_Your goal_
Filter the entries for the string "nets". Copy each line that has it.

_Data supplied_
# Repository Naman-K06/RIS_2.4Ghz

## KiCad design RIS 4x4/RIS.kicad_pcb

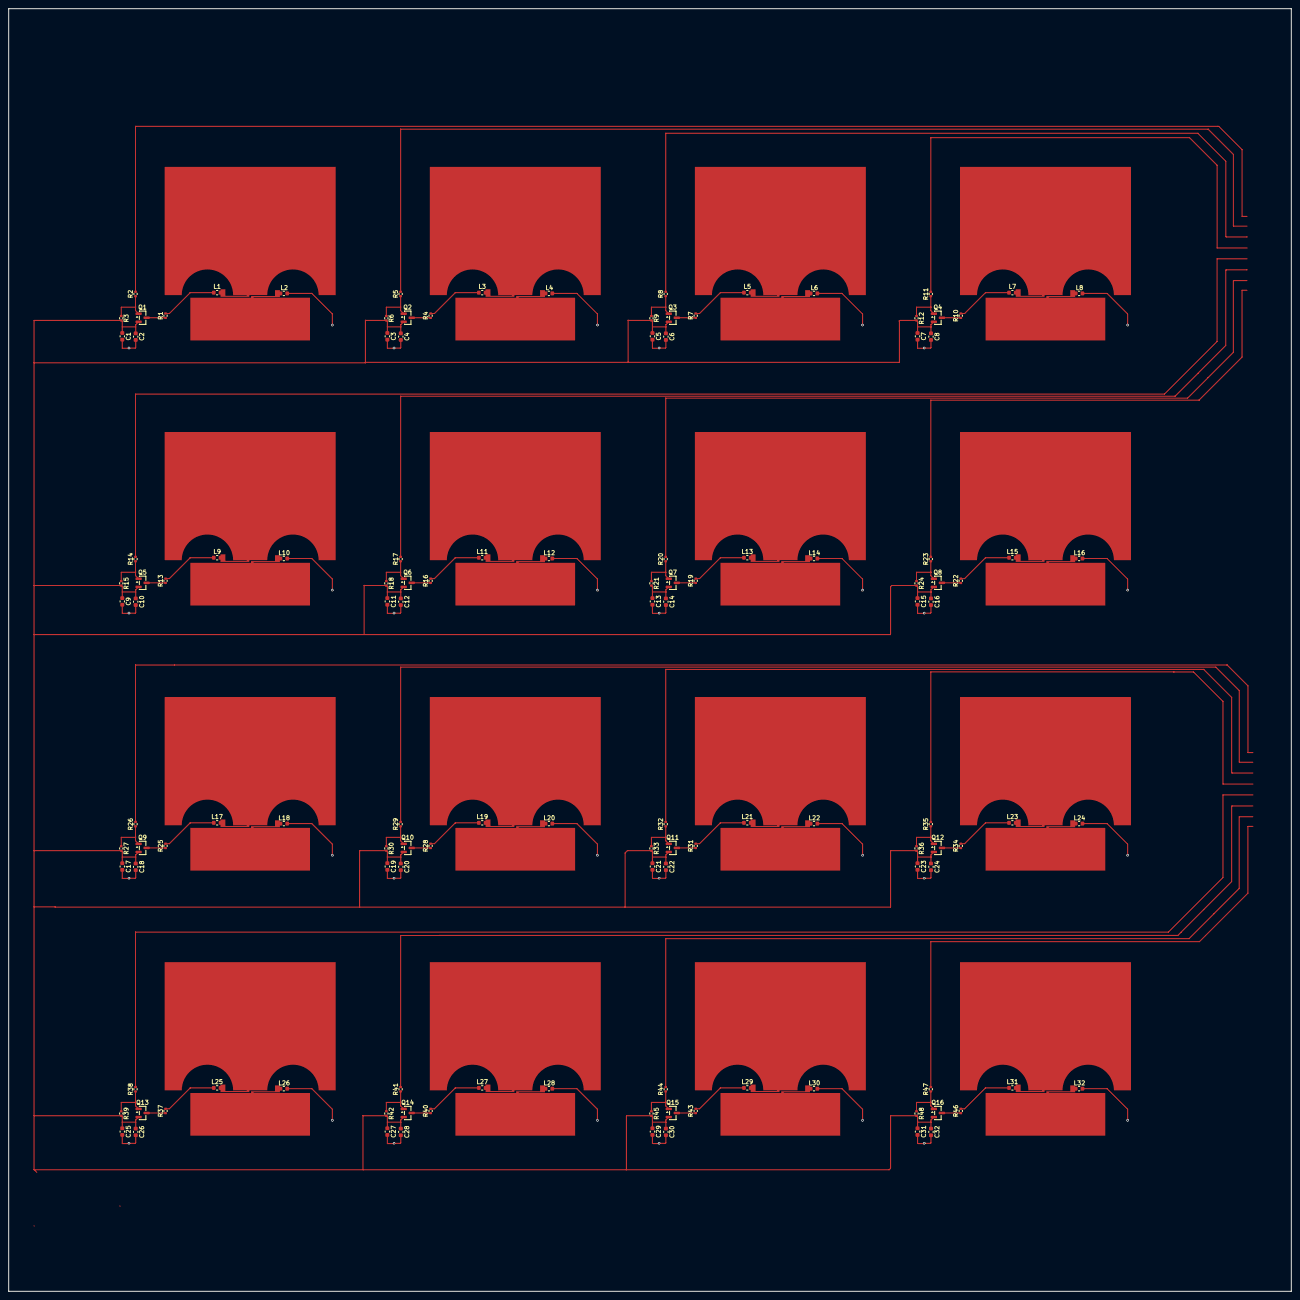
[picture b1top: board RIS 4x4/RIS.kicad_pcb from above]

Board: 2 copper layers, 300.0 x 300.0 mm, 128 parts (0 on the bottom side), 6 nets.

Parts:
C1, C3, C5, C7, C9, C11, C13, C15, C17, C19, C21, C23, C25, C27, C29, C31: 100nF; C_0603_1608Metric
C2, C4, C6, C8, C10, C12, C14, C16, C18, C20, C22, C24, C26, C28, C30, C32: 1uF; C_0603_1608Metric
L1, L2, L3, L4, L5, L6, L7, L8, L9, L10, L11, L12, L13, L14, L15, L16, L17, L18, L19, L20, L21, L22, L23, L24, L25, L26, L27, L28, L29, L30, L31, L32: 22nH; L_0603_1608Metric
Q1, Q2, Q3, Q4, Q5, Q6, Q7, Q8, Q9, Q10, Q11, Q12, Q13, Q14, Q15, Q16: AO3401A; SOT-23
R1, R4, R7, R10, R13, R16, R19, R22, R25, R28, R31, R34, R37, R40, R43, R46: 220 Ω; R_0402_1005Metric
R2, R5, R8, R11, R14, R17, R20, R23, R26, R29, R32, R35, R38, R41, R44, R47: 100 Ω; R_0402_1005Metric
R3, R6, R9, R12, R15, R18, R21, R24, R27, R30, R33, R36, R39, R42, R45, R48: 100 kΩ; R_0402_1005Metric

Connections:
+3.3V: C1.1, C2.1, C3.1, C4.1, C5.1, C6.1, C7.1, C8.1, C9.1, C10.1, C11.1, C12.1, C13.1, C14.1, C15.1, C16.1, C17.1, C18.1, C19.1, C20.1, C21.1, C22.1, C23.1, C24.1, C25.1, C26.1, C27.1, C28.1, C29.1, C30.1, C31.1, C32.1, Q1.2 (S), Q2.2 (S), Q3.2 (S), Q4.2 (S), Q5.2 (S), Q6.2 (S), Q7.2 (S), Q8.2 (S), Q9.2 (S), Q10.2 (S), Q11.2 (S), Q12.2 (S), Q13.2 (S), Q14.2 (S), Q15.2 (S), Q16.2 (S), R3.2, R6.2, R9.2, R12.2, R15.2, R18.2, R21.2, R24.2, R27.2, R30.2, R33.2, R36.2, R39.2, R42.2, R45.2, R48.2
/GPIO: R2.2, R5.2, R8.2, R11.2, R14.2, R17.2, R20.2, R23.2, R26.2, R29.2, R32.2, R35.2, R38.2, R41.2, R44.2, R47.2
GND: C1.2, C2.2, C3.2, C4.2, C5.2, C6.2, C7.2, C8.2, C9.2, C10.2, C11.2, C12.2, C13.2, C14.2, C15.2, C16.2, C17.2, C18.2, C19.2, C20.2, C21.2, C22.2, C23.2, C24.2, C25.2, C26.2, C27.2, C28.2, C29.2, C30.2, C31.2, C32.2, L2.2 (2_2), L4.2 (2_2), L6.2 (2_2), L8.2 (2_2), L10.2 (2_2), L12.2 (2_2), L14.2 (2_2), L16.2 (2_2), L18.2 (2_2), L20.2 (2_2), L22.2 (2_2), L24.2 (2_2), L26.2 (2_2), L28.2 (2_2), L30.2 (2_2), L32.2 (2_2)
unnamed: L1.1 (1_1), L3.1 (1_1), L5.1 (1_1), L7.1 (1_1), L9.1 (1_1), L11.1 (1_1), L13.1 (1_1), L15.1 (1_1), L17.1 (1_1), L19.1 (1_1), L21.1 (1_1), L23.1 (1_1), L25.1 (1_1), L27.1 (1_1), L29.1 (1_1), L31.1 (1_1), R1.2, R4.2, R7.2, R10.2, R13.2, R16.2, R19.2, R22.2, R25.2, R28.2, R31.2, R34.2, R37.2, R40.2, R43.2, R46.2
unnamed: Q1.3 (D), Q2.3 (D), Q3.3 (D), Q4.3 (D), Q5.3 (D), Q6.3 (D), Q7.3 (D), Q8.3 (D), Q9.3 (D), Q10.3 (D), Q11.3 (D), Q12.3 (D), Q13.3 (D), Q14.3 (D), Q15.3 (D), Q16.3 (D), R1.1, R4.1, R7.1, R10.1, R13.1, R16.1, R19.1, R22.1, R25.1, R28.1, R31.1, R34.1, R37.1, R40.1, R43.1, R46.1
unnamed: Q1.1 (G), Q2.1 (G), Q3.1 (G), Q4.1 (G), Q5.1 (G), Q6.1 (G), Q7.1 (G), Q8.1 (G), Q9.1 (G), Q10.1 (G), Q11.1 (G), Q12.1 (G), Q13.1 (G), Q14.1 (G), Q15.1 (G), Q16.1 (G), R2.1, R3.1, R5.1, R6.1, R8.1, R9.1, R11.1, R12.1, R14.1, R15.1, R17.1, R18.1, R20.1, R21.1, R23.1, R24.1, R26.1, R27.1, R29.1, R30.1, R32.1, R33.1, R35.1, R36.1, R38.1, R39.1, R41.1, R42.1, R44.1, R45.1, R47.1, R48.1

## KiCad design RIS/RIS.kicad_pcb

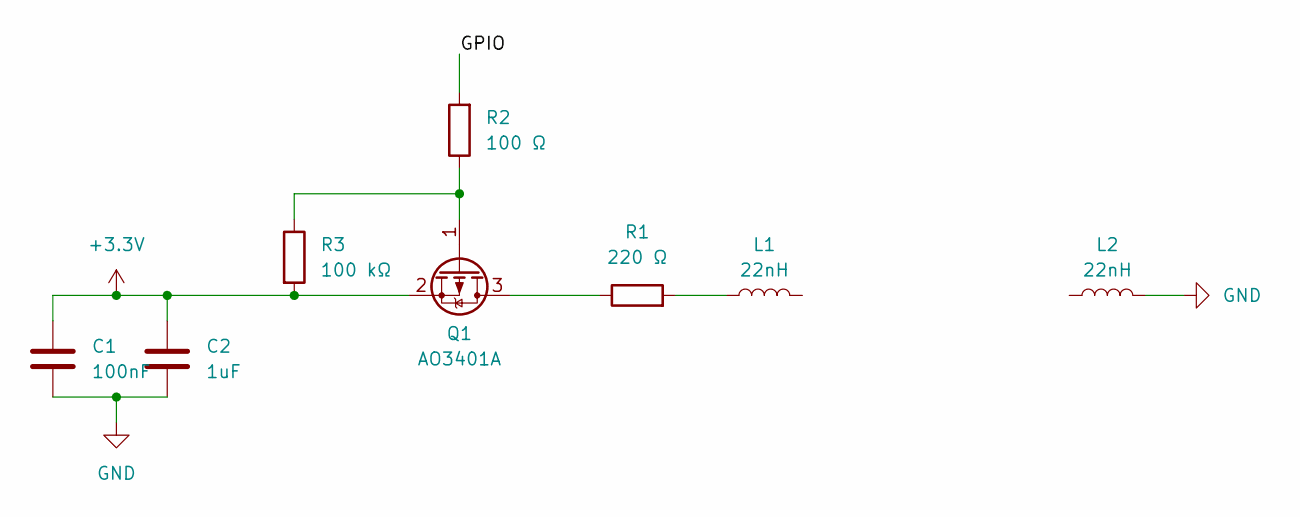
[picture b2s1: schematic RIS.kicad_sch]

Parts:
C1: 100nF; C_0603_1608Metric
C2: 1uF; C_0603_1608Metric
L1, L2: 22nH; L_0603_1608Metric
Q1: AO3401A; SOT-23
R1: 220 Ω; R_0402_1005Metric
R2: 100 Ω; R_0402_1005Metric
R3: 100 kΩ; R_0402_1005Metric

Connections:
+3.3V: C1.1, C2.1, Q1.2 (S), R3.2
/GPIO: R2.2
GND: C1.2, C2.2, L2.2 (2_2)
unnamed: L1.1 (1_1), R1.2
unnamed: Q1.3 (D), R1.1
unnamed: Q1.1 (G), R2.1, R3.1

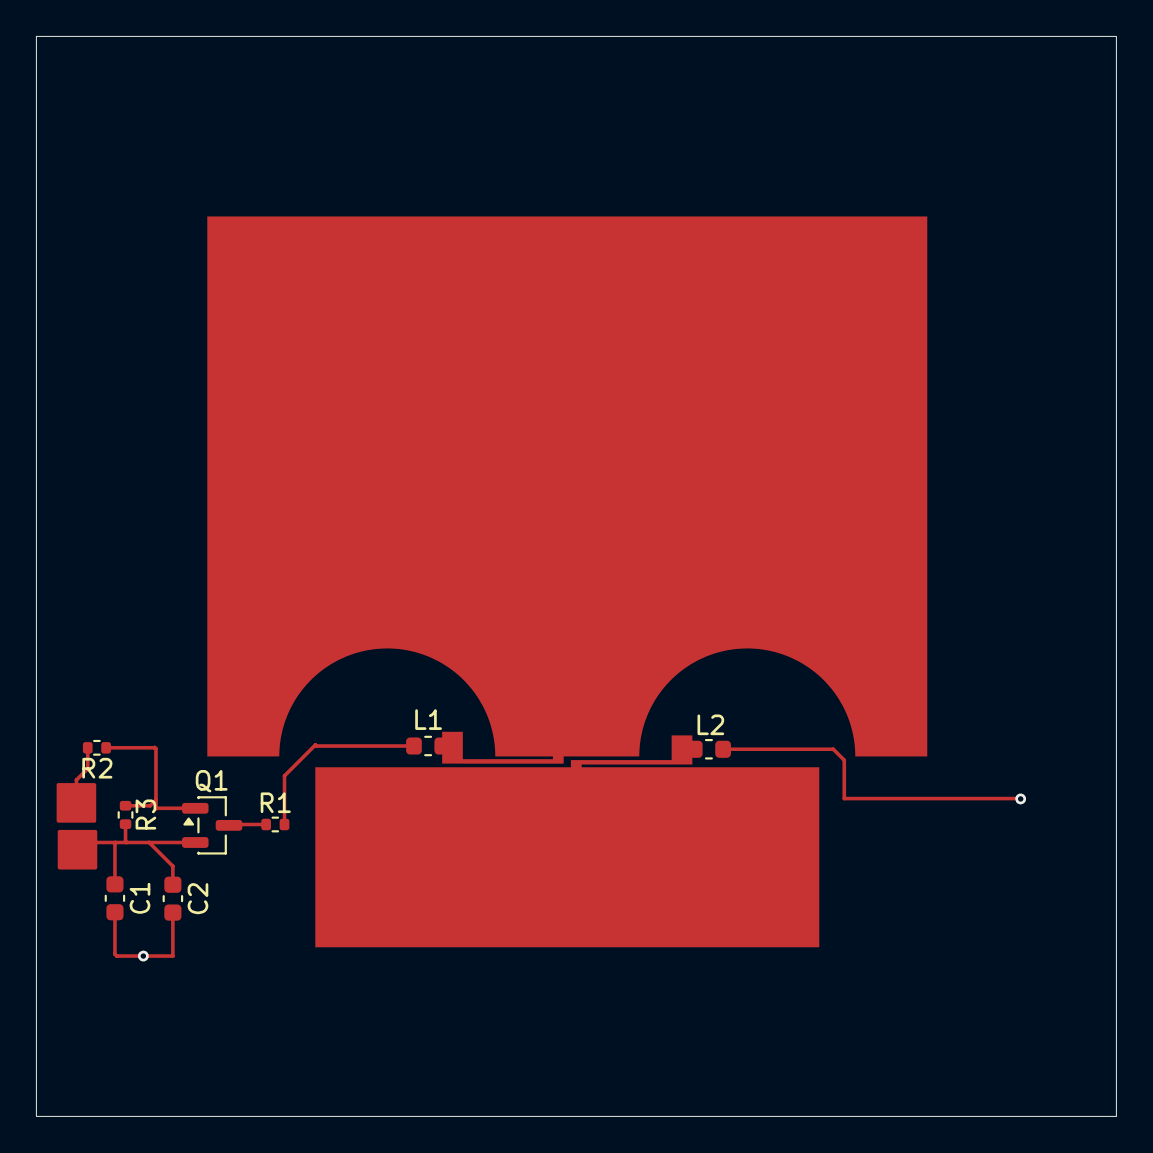
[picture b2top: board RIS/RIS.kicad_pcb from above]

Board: 2 copper layers, 60.0 x 60.0 mm, 8 parts (0 on the bottom side), 5 nets.

_Answer_
Board: 2 copper layers, 300.0 x 300.0 mm, 128 parts (0 on the bottom side), 6 nets.
Board: 2 copper layers, 60.0 x 60.0 mm, 8 parts (0 on the bottom side), 5 nets.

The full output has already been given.